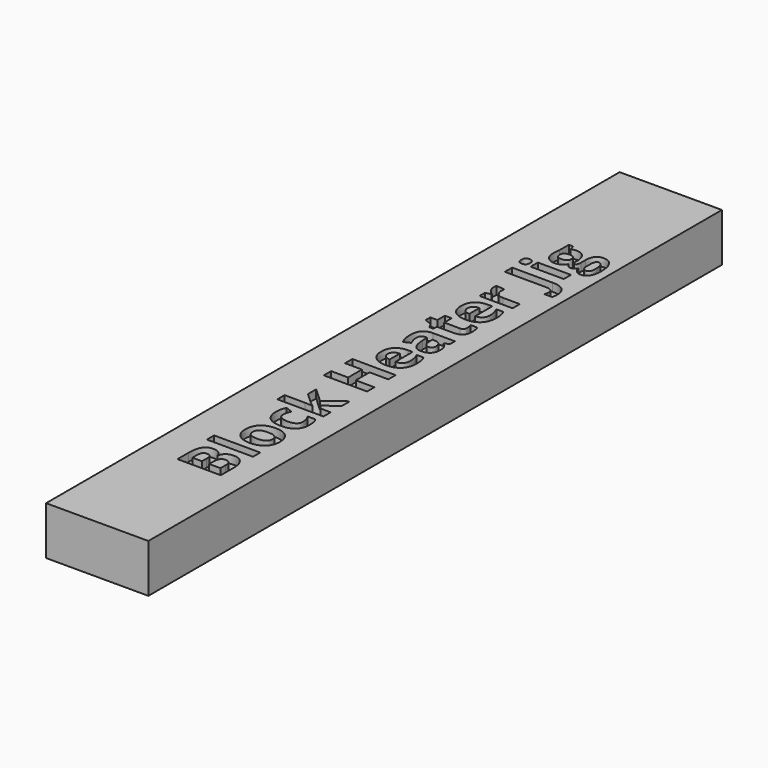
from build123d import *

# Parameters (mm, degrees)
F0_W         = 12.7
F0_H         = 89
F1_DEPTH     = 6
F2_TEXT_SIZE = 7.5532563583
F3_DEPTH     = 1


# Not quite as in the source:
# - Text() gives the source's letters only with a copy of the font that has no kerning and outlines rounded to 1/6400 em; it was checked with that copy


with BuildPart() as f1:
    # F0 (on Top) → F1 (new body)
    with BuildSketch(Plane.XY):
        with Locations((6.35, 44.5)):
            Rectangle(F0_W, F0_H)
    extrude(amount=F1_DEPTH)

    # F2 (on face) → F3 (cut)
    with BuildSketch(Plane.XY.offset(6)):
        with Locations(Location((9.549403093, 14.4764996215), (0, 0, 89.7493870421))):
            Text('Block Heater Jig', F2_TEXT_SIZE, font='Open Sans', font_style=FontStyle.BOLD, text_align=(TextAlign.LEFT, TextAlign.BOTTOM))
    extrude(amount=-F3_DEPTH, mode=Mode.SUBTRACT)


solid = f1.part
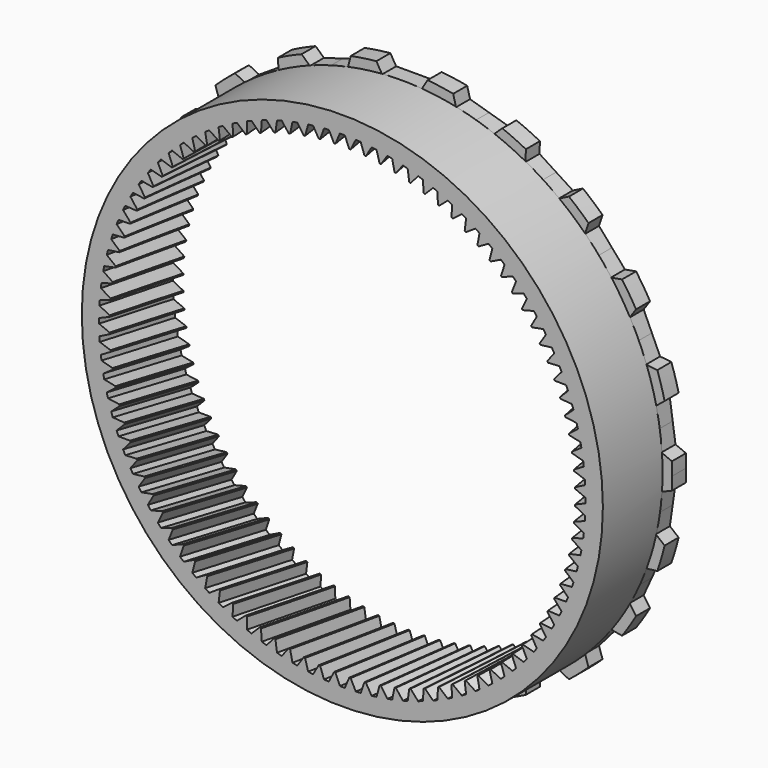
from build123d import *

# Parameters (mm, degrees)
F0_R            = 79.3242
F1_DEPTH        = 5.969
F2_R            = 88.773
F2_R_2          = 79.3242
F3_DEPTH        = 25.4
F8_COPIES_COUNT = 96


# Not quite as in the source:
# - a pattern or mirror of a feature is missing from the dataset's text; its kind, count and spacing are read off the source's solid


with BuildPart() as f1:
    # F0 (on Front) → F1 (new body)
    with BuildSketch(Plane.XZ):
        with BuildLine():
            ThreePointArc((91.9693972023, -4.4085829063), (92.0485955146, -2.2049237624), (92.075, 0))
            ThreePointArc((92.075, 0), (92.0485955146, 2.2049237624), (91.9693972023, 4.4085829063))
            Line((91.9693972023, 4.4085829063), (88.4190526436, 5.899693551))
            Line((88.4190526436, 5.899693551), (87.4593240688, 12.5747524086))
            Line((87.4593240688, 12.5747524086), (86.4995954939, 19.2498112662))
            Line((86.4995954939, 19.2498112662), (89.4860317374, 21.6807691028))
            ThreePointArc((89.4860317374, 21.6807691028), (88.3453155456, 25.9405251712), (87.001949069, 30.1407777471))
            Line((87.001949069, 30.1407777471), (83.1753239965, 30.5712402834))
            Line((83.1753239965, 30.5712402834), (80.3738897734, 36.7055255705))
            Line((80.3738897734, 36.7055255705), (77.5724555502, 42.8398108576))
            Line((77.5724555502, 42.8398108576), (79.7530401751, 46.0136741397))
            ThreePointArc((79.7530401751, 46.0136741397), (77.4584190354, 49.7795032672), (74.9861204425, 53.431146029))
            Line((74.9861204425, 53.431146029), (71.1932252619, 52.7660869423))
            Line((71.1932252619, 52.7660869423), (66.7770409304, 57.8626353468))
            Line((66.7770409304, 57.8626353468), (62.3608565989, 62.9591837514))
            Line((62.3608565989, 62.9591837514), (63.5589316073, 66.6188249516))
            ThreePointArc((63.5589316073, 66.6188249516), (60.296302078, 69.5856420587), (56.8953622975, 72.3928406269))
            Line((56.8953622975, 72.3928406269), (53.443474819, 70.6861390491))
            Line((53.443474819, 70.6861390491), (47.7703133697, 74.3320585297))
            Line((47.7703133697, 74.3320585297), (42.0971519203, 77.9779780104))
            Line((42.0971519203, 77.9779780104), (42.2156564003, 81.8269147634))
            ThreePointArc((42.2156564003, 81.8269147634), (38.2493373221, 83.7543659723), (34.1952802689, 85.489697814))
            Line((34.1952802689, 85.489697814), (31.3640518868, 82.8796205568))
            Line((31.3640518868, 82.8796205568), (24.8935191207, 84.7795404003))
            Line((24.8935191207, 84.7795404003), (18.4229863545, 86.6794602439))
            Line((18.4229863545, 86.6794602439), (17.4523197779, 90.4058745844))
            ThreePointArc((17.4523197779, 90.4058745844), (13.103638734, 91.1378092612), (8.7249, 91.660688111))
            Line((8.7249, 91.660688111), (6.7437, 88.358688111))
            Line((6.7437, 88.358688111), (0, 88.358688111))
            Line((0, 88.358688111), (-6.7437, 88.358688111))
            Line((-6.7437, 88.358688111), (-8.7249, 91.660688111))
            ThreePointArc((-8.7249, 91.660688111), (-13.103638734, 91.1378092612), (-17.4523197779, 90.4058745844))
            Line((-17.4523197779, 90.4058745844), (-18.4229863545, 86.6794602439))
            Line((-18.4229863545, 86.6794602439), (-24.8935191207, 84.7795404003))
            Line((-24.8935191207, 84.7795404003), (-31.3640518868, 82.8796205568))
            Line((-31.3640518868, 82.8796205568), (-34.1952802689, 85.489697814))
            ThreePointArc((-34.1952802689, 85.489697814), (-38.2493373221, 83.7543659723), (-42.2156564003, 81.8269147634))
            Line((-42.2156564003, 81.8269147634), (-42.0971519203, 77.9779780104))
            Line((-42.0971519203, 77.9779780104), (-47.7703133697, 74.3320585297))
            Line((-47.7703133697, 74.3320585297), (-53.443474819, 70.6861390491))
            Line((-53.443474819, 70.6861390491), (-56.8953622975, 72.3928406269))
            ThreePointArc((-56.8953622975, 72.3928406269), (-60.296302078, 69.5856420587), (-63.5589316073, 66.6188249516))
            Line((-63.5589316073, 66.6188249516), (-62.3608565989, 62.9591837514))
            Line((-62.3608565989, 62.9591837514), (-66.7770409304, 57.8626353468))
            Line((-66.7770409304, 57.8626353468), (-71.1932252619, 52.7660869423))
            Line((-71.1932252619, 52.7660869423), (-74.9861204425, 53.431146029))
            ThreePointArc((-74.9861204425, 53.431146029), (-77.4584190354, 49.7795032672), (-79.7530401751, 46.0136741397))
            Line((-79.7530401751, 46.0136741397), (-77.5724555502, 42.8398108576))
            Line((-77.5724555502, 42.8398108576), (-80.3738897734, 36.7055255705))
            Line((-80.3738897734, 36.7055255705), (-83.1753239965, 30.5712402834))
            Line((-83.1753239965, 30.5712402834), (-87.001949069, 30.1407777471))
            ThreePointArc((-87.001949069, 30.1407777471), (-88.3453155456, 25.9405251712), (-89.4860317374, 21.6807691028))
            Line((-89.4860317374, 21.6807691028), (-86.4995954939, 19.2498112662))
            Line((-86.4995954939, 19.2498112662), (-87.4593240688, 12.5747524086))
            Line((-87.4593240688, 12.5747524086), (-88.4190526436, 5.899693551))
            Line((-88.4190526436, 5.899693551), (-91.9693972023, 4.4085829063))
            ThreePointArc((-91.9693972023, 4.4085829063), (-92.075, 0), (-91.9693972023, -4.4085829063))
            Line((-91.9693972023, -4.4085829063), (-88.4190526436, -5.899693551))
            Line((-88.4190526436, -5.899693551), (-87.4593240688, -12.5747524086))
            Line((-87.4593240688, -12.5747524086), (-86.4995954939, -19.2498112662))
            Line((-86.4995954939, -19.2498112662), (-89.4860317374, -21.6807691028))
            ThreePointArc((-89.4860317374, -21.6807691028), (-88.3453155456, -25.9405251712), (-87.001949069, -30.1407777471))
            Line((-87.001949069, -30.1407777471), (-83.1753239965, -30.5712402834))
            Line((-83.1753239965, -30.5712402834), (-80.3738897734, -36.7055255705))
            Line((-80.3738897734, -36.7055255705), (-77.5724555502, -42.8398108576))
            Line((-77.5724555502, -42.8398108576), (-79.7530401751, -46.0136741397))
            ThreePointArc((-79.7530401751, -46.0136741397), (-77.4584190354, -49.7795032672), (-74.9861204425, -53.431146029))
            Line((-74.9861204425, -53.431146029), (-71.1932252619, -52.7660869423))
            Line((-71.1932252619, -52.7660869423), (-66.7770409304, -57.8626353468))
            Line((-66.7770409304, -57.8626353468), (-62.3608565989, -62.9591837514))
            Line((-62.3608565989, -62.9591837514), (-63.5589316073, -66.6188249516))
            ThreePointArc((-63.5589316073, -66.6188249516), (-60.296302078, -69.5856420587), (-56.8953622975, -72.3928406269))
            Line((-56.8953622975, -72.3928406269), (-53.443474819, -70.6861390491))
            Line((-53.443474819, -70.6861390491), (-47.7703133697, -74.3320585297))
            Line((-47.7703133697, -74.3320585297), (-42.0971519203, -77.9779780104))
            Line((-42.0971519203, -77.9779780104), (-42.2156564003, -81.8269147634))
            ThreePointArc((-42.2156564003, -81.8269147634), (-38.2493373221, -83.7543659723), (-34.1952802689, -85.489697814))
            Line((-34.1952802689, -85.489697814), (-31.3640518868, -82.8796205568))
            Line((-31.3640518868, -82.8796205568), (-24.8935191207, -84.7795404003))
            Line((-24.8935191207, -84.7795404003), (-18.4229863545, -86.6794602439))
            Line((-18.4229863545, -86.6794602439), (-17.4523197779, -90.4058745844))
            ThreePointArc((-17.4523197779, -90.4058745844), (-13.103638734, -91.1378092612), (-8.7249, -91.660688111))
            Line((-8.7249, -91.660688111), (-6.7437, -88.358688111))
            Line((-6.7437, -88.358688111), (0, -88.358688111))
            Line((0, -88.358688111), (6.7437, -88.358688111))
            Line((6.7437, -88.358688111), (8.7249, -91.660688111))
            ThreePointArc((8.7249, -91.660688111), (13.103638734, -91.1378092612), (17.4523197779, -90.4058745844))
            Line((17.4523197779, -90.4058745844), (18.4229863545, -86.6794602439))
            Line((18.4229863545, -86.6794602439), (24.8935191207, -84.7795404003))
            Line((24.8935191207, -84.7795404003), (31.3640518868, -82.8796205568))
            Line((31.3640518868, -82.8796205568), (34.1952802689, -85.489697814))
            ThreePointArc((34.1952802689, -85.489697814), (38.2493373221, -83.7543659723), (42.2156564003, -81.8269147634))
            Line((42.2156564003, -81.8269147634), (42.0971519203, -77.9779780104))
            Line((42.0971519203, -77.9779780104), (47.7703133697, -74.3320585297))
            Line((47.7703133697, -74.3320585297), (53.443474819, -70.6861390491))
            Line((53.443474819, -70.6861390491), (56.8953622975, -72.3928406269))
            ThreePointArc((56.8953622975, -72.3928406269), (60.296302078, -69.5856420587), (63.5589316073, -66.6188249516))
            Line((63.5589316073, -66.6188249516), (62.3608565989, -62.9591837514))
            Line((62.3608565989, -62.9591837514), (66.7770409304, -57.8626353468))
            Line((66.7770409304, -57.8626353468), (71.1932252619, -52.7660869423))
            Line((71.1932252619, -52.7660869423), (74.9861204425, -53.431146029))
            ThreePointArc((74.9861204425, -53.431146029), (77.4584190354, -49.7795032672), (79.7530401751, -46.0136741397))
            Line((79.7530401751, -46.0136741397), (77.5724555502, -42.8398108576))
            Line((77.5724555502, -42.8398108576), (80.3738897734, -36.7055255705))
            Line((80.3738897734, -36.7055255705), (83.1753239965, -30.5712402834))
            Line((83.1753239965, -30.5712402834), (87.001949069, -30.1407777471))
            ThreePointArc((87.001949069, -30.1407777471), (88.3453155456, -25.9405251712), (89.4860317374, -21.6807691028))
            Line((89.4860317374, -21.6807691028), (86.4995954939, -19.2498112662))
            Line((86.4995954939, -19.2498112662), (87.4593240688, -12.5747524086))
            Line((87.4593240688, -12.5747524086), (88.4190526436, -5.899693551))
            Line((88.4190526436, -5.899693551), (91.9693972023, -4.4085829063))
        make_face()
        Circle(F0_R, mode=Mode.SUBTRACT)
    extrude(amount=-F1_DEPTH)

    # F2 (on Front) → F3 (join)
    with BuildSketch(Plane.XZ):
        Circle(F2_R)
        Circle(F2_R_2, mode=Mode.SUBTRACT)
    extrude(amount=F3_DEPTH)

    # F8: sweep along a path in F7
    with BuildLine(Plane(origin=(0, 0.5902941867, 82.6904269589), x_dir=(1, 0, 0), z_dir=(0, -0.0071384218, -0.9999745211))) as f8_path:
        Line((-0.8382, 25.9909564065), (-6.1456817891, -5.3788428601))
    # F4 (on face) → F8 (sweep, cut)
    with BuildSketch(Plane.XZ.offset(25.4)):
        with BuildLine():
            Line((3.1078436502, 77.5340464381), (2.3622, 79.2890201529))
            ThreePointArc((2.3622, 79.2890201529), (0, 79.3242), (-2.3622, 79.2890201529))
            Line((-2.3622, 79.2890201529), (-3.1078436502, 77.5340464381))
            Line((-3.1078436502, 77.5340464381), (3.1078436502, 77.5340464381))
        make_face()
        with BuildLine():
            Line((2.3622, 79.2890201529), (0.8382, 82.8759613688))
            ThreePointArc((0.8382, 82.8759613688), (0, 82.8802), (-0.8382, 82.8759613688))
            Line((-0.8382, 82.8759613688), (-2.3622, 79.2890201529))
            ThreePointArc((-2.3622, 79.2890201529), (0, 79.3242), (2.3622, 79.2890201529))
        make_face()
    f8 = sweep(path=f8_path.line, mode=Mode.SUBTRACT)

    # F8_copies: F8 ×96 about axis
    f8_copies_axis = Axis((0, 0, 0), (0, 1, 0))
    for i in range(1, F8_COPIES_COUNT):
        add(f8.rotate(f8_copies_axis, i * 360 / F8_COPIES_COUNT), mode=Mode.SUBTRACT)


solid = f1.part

**Activity:**
Copy only this part of the entries above: the line with "-70.6861390491), (56.8953622975, -72.3928406269))", the line with "-69.5856420587), (63.5589316073, -66.6188249516))", and the lines between, all exactly as written.

**Task result:**
            Line((53.443474819, -70.6861390491), (56.8953622975, -72.3928406269))
            ThreePointArc((56.8953622975, -72.3928406269), (60.296302078, -69.5856420587), (63.5589316073, -66.6188249516))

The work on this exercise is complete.